Reproduce exactly the lines below, from the first one through the line containing "#12=(NAMED_UNIT(*) SI_UNIT($,.STERADIAN.) SOLID_ANGLE_UNIT());", and omit any pictures.

(Records from a data collection)
^^^^^^^^^^^^^^^^

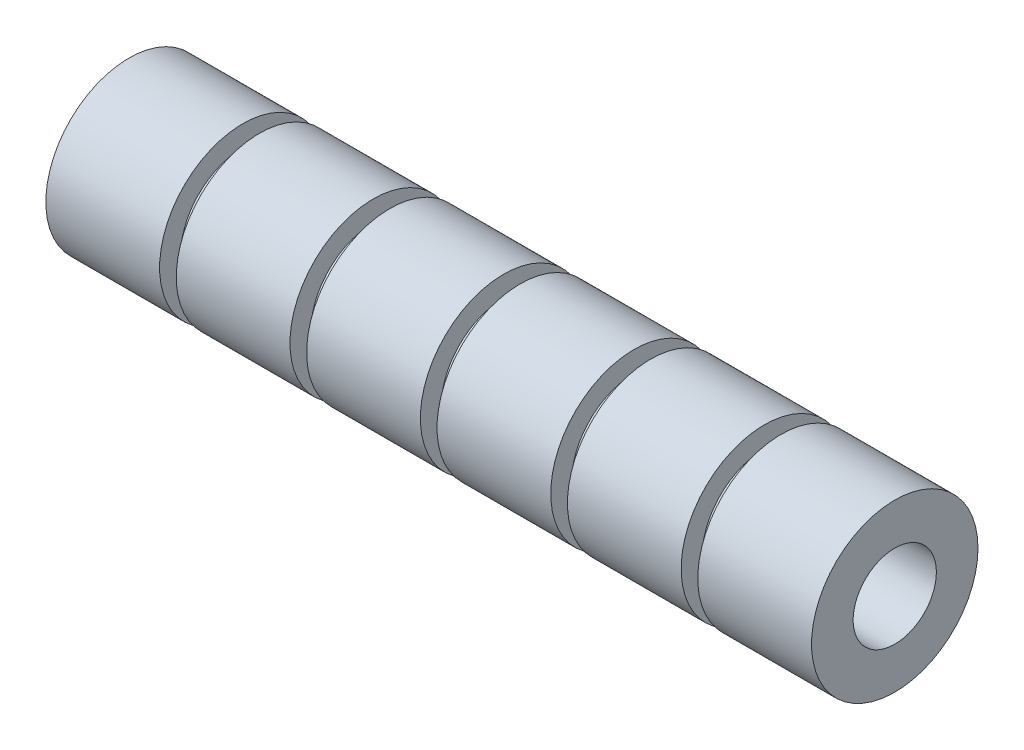
ISO-10303-21;
HEADER;
FILE_DESCRIPTION(('STEP AP214'),'2;1');
FILE_NAME('part.step','',(''),(''),'','','');
FILE_SCHEMA(('AUTOMOTIVE_DESIGN { 1 0 10303 214 1 1 1 1 }'));
ENDSEC;
DATA;
#1=APPLICATION_CONTEXT('core data for automotive mechanical design processes');
#2=APPLICATION_PROTOCOL_DEFINITION('international standard','automotive_design',2000,#1);
#3=PRODUCT_CONTEXT('',#1,'mechanical');
#4=PRODUCT('Part','Part','',(#3));
#5=PRODUCT_RELATED_PRODUCT_CATEGORY('part','',(#4));
#6=PRODUCT_DEFINITION_FORMATION('','',#4);
#7=PRODUCT_DEFINITION_CONTEXT('part definition',#1,'design');
#8=PRODUCT_DEFINITION('design','',#6,#7);
#9=PRODUCT_DEFINITION_SHAPE('','',#8);
#10=(LENGTH_UNIT() NAMED_UNIT(*) SI_UNIT(.MILLI.,.METRE.));
#11=(NAMED_UNIT(*) PLANE_ANGLE_UNIT() SI_UNIT($,.RADIAN.));
#12=(NAMED_UNIT(*) SI_UNIT($,.STERADIAN.) SOLID_ANGLE_UNIT());
#13=UNCERTAINTY_MEASURE_WITH_UNIT(LENGTH_MEASURE(1.E-05),#10,'distance_accuracy_value','');
#14=(GEOMETRIC_REPRESENTATION_CONTEXT(3) GLOBAL_UNCERTAINTY_ASSIGNED_CONTEXT((#13)) GLOBAL_UNIT_ASSIGNED_CONTEXT((#10,
#11,#12)) REPRESENTATION_CONTEXT('',''));
#15=CARTESIAN_POINT('',(0.,0.,0.));
#16=DIRECTION('',(0.,0.,1.));
#17=DIRECTION('',(1.,0.,0.));
#18=AXIS2_PLACEMENT_3D('',#15,#16,#17);
#19=CARTESIAN_POINT('',(46.,0.,0.));
#20=DIRECTION('',(1.,0.,0.));
#21=DIRECTION('',(0.,0.,-1.));
#22=AXIS2_PLACEMENT_3D('',#19,#20,#21);
#23=PLANE('',#22);
#24=CARTESIAN_POINT('',(46.,0.,0.));
#25=DIRECTION('',(1.,0.,0.));
#26=DIRECTION('',(0.,0.,-1.));
#27=AXIS2_PLACEMENT_3D('',#24,#25,#26);
#28=CIRCLE('',#27,5.);
#29=CARTESIAN_POINT('',(46.,0.,-5.));
#30=VERTEX_POINT('',#29);
#31=EDGE_CURVE('E10',#30,#30,#28,.T.);
#32=ORIENTED_EDGE('',*,*,#31,.F.);
#33=EDGE_LOOP('',(#32));
#34=FACE_BOUND('',#33,.T.);
#35=CARTESIAN_POINT('',(46.,0.,0.));
#36=DIRECTION('',(1.,0.,0.));
#37=DIRECTION('',(0.,0.,-1.));
#38=AXIS2_PLACEMENT_3D('',#35,#36,#37);
#39=CIRCLE('',#38,9.99999999999999);
#40=CARTESIAN_POINT('',(46.,0.,-9.99999999999999));
#41=VERTEX_POINT('',#40);
#42=EDGE_CURVE('E105',#41,#41,#39,.T.);
#43=ORIENTED_EDGE('',*,*,#42,.T.);
#44=EDGE_LOOP('',(#43));
#45=FACE_BOUND('',#44,.T.);
#46=ADVANCED_FACE('F33',(#34,#45),#23,.T.);
#47=CARTESIAN_POINT('',(-46.,0.,0.));
#48=DIRECTION('',(1.,0.,0.));
#49=DIRECTION('',(0.,0.,-1.));
#50=AXIS2_PLACEMENT_3D('',#47,#48,#49);
#51=PLANE('',#50);
#52=CARTESIAN_POINT('',(-46.,0.,0.));
#53=DIRECTION('',(1.,0.,0.));
#54=DIRECTION('',(0.,0.,-1.));
#55=AXIS2_PLACEMENT_3D('',#52,#53,#54);
#56=CIRCLE('',#55,5.);
#57=CARTESIAN_POINT('',(-46.,0.,-5.));
#58=VERTEX_POINT('',#57);
#59=EDGE_CURVE('E37',#58,#58,#56,.T.);
#60=ORIENTED_EDGE('',*,*,#59,.T.);
#61=EDGE_LOOP('',(#60));
#62=FACE_BOUND('',#61,.T.);
#63=CARTESIAN_POINT('',(-46.,0.,0.));
#64=DIRECTION('',(1.,0.,0.));
#65=DIRECTION('',(0.,0.,-1.));
#66=AXIS2_PLACEMENT_3D('',#63,#64,#65);
#67=CIRCLE('',#66,9.99999999999999);
#68=CARTESIAN_POINT('',(-46.,0.,-9.99999999999999));
#69=VERTEX_POINT('',#68);
#70=EDGE_CURVE('E78',#69,#69,#67,.T.);
#71=ORIENTED_EDGE('',*,*,#70,.F.);
#72=EDGE_LOOP('',(#71));
#73=FACE_BOUND('',#72,.T.);
#74=ADVANCED_FACE('F35',(#62,#73),#51,.F.);
#75=CARTESIAN_POINT('',(46.,0.,0.));
#76=DIRECTION('',(-1.,0.,0.));
#77=DIRECTION('',(0.,0.,1.));
#78=AXIS2_PLACEMENT_3D('',#75,#76,#77);
#79=CYLINDRICAL_SURFACE('',#78,5.);
#80=ORIENTED_EDGE('',*,*,#31,.T.);
#81=EDGE_LOOP('',(#80));
#82=FACE_BOUND('',#81,.T.);
#83=ORIENTED_EDGE('',*,*,#59,.F.);
#84=EDGE_LOOP('',(#83));
#85=FACE_BOUND('',#84,.T.);
#86=ADVANCED_FACE('F137',(#82,#85),#79,.F.);
#87=CARTESIAN_POINT('',(30.3333333333333,8.49999999999999,0.));
#88=DIRECTION('',(1.,0.,0.));
#89=DIRECTION('',(0.,0.,-1.));
#90=AXIS2_PLACEMENT_3D('',#87,#88,#89);
#91=PLANE('',#90);
#92=CARTESIAN_POINT('',(30.3333333333333,0.,0.));
#93=DIRECTION('',(-1.,0.,0.));
#94=DIRECTION('',(0.,0.,1.));
#95=AXIS2_PLACEMENT_3D('',#92,#93,#94);
#96=CIRCLE('',#95,7.49999999999937);
#97=CARTESIAN_POINT('',(30.3333333333333,0.,7.49999999999937));
#98=VERTEX_POINT('',#97);
#99=EDGE_CURVE('E44',#98,#98,#96,.T.);
#100=ORIENTED_EDGE('',*,*,#99,.T.);
#101=EDGE_LOOP('',(#100));
#102=FACE_BOUND('',#101,.T.);
#103=CARTESIAN_POINT('',(30.3333333333333,0.,0.));
#104=DIRECTION('',(1.,0.,0.));
#105=DIRECTION('',(0.,0.,-1.));
#106=AXIS2_PLACEMENT_3D('',#103,#104,#105);
#107=CIRCLE('',#106,9.99999999999999);
#108=CARTESIAN_POINT('',(30.3333333333333,0.,-9.99999999999999));
#109=VERTEX_POINT('',#108);
#110=EDGE_CURVE('E99',#109,#109,#107,.T.);
#111=ORIENTED_EDGE('',*,*,#110,.T.);
#112=EDGE_LOOP('',(#111));
#113=FACE_BOUND('',#112,.T.);
#114=ADVANCED_FACE('F128',(#102,#113),#91,.T.);
#115=CARTESIAN_POINT('',(-98.8215633503103,0.,0.));
#116=DIRECTION('',(-1.,0.,0.));
#117=DIRECTION('',(0.,0.,1.));
#118=AXIS2_PLACEMENT_3D('',#115,#116,#117);
#119=CYLINDRICAL_SURFACE('',#118,7.49999999999968);
#120=CARTESIAN_POINT('',(32.3333333333333,0.,0.));
#121=DIRECTION('',(-1.,0.,0.));
#122=DIRECTION('',(0.,0.,1.));
#123=AXIS2_PLACEMENT_3D('',#120,#121,#122);
#124=CIRCLE('',#123,7.5);
#125=CARTESIAN_POINT('',(32.3333333333333,0.,7.5));
#126=VERTEX_POINT('',#125);
#127=EDGE_CURVE('E48',#126,#126,#124,.T.);
#128=ORIENTED_EDGE('',*,*,#127,.T.);
#129=EDGE_LOOP('',(#128));
#130=FACE_BOUND('',#129,.T.);
#131=ORIENTED_EDGE('',*,*,#99,.F.);
#132=EDGE_LOOP('',(#131));
#133=FACE_BOUND('',#132,.T.);
#134=ADVANCED_FACE('F118',(#130,#133),#119,.T.);
#135=CARTESIAN_POINT('',(32.3333333333333,8.5,0.));
#136=DIRECTION('',(-1.,0.,0.));
#137=DIRECTION('',(0.,0.,1.));
#138=AXIS2_PLACEMENT_3D('',#135,#136,#137);
#139=PLANE('',#138);
#140=ORIENTED_EDGE('',*,*,#127,.F.);
#141=EDGE_LOOP('',(#140));
#142=FACE_BOUND('',#141,.T.);
#143=CARTESIAN_POINT('',(32.3333333333333,0.,0.));
#144=DIRECTION('',(1.,0.,0.));
#145=DIRECTION('',(0.,0.,-1.));
#146=AXIS2_PLACEMENT_3D('',#143,#144,#145);
#147=CIRCLE('',#146,9.99999999999999);
#148=CARTESIAN_POINT('',(32.3333333333333,0.,-9.99999999999999));
#149=VERTEX_POINT('',#148);
#150=EDGE_CURVE('E108',#149,#149,#147,.T.);
#151=ORIENTED_EDGE('',*,*,#150,.F.);
#152=EDGE_LOOP('',(#151));
#153=FACE_BOUND('',#152,.T.);
#154=ADVANCED_FACE('F115',(#142,#153),#139,.T.);
#155=CARTESIAN_POINT('',(-32.3333333333333,8.49999999999999,0.));
#156=DIRECTION('',(1.,0.,0.));
#157=DIRECTION('',(0.,0.,-1.));
#158=AXIS2_PLACEMENT_3D('',#155,#156,#157);
#159=PLANE('',#158);
#160=CARTESIAN_POINT('',(-32.3333333333333,0.,0.));
#161=DIRECTION('',(-1.,0.,0.));
#162=DIRECTION('',(0.,0.,1.));
#163=AXIS2_PLACEMENT_3D('',#160,#161,#162);
#164=CIRCLE('',#163,7.49999999999937);
#165=CARTESIAN_POINT('',(-32.3333333333333,0.,7.49999999999937));
#166=VERTEX_POINT('',#165);
#167=EDGE_CURVE('E52',#166,#166,#164,.T.);
#168=ORIENTED_EDGE('',*,*,#167,.T.);
#169=EDGE_LOOP('',(#168));
#170=FACE_BOUND('',#169,.T.);
#171=CARTESIAN_POINT('',(-32.3333333333333,0.,0.));
#172=DIRECTION('',(1.,0.,0.));
#173=DIRECTION('',(0.,0.,-1.));
#174=AXIS2_PLACEMENT_3D('',#171,#172,#173);
#175=CIRCLE('',#174,9.99999999999999);
#176=CARTESIAN_POINT('',(-32.3333333333333,0.,-9.99999999999999));
#177=VERTEX_POINT('',#176);
#178=EDGE_CURVE('E59',#177,#177,#175,.T.);
#179=ORIENTED_EDGE('',*,*,#178,.T.);
#180=EDGE_LOOP('',(#179));
#181=FACE_BOUND('',#180,.T.);
#182=ADVANCED_FACE('F117',(#170,#181),#159,.T.);
#183=CARTESIAN_POINT('',(-98.8215633503103,0.,0.));
#184=DIRECTION('',(-1.,0.,0.));
#185=DIRECTION('',(0.,0.,1.));
#186=AXIS2_PLACEMENT_3D('',#183,#184,#185);
#187=CYLINDRICAL_SURFACE('',#186,7.49999999999968);
#188=CARTESIAN_POINT('',(-30.3333333333333,0.,0.));
#189=DIRECTION('',(-1.,0.,0.));
#190=DIRECTION('',(0.,0.,1.));
#191=AXIS2_PLACEMENT_3D('',#188,#189,#190);
#192=CIRCLE('',#191,7.5);
#193=CARTESIAN_POINT('',(-30.3333333333333,0.,7.5));
#194=VERTEX_POINT('',#193);
#195=EDGE_CURVE('E56',#194,#194,#192,.T.);
#196=ORIENTED_EDGE('',*,*,#195,.T.);
#197=EDGE_LOOP('',(#196));
#198=FACE_BOUND('',#197,.T.);
#199=ORIENTED_EDGE('',*,*,#167,.F.);
#200=EDGE_LOOP('',(#199));
#201=FACE_BOUND('',#200,.T.);
#202=ADVANCED_FACE('F125',(#198,#201),#187,.T.);
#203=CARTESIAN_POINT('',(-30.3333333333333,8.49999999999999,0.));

^^^^^^^^^^^^^^^^

- **ANSWER BOX**:
ISO-10303-21;
HEADER;
FILE_DESCRIPTION(('STEP AP214'),'2;1');
FILE_NAME('part.step','',(''),(''),'','','');
FILE_SCHEMA(('AUTOMOTIVE_DESIGN { 1 0 10303 214 1 1 1 1 }'));
ENDSEC;
DATA;
#1=APPLICATION_CONTEXT('core data for automotive mechanical design processes');
#2=APPLICATION_PROTOCOL_DEFINITION('international standard','automotive_design',2000,#1);
#3=PRODUCT_CONTEXT('',#1,'mechanical');
#4=PRODUCT('Part','Part','',(#3));
#5=PRODUCT_RELATED_PRODUCT_CATEGORY('part','',(#4));
#6=PRODUCT_DEFINITION_FORMATION('','',#4);
#7=PRODUCT_DEFINITION_CONTEXT('part definition',#1,'design');
#8=PRODUCT_DEFINITION('design','',#6,#7);
#9=PRODUCT_DEFINITION_SHAPE('','',#8);
#10=(LENGTH_UNIT() NAMED_UNIT(*) SI_UNIT(.MILLI.,.METRE.));
#11=(NAMED_UNIT(*) PLANE_ANGLE_UNIT() SI_UNIT($,.RADIAN.));
#12=(NAMED_UNIT(*) SI_UNIT($,.STERADIAN.) SOLID_ANGLE_UNIT());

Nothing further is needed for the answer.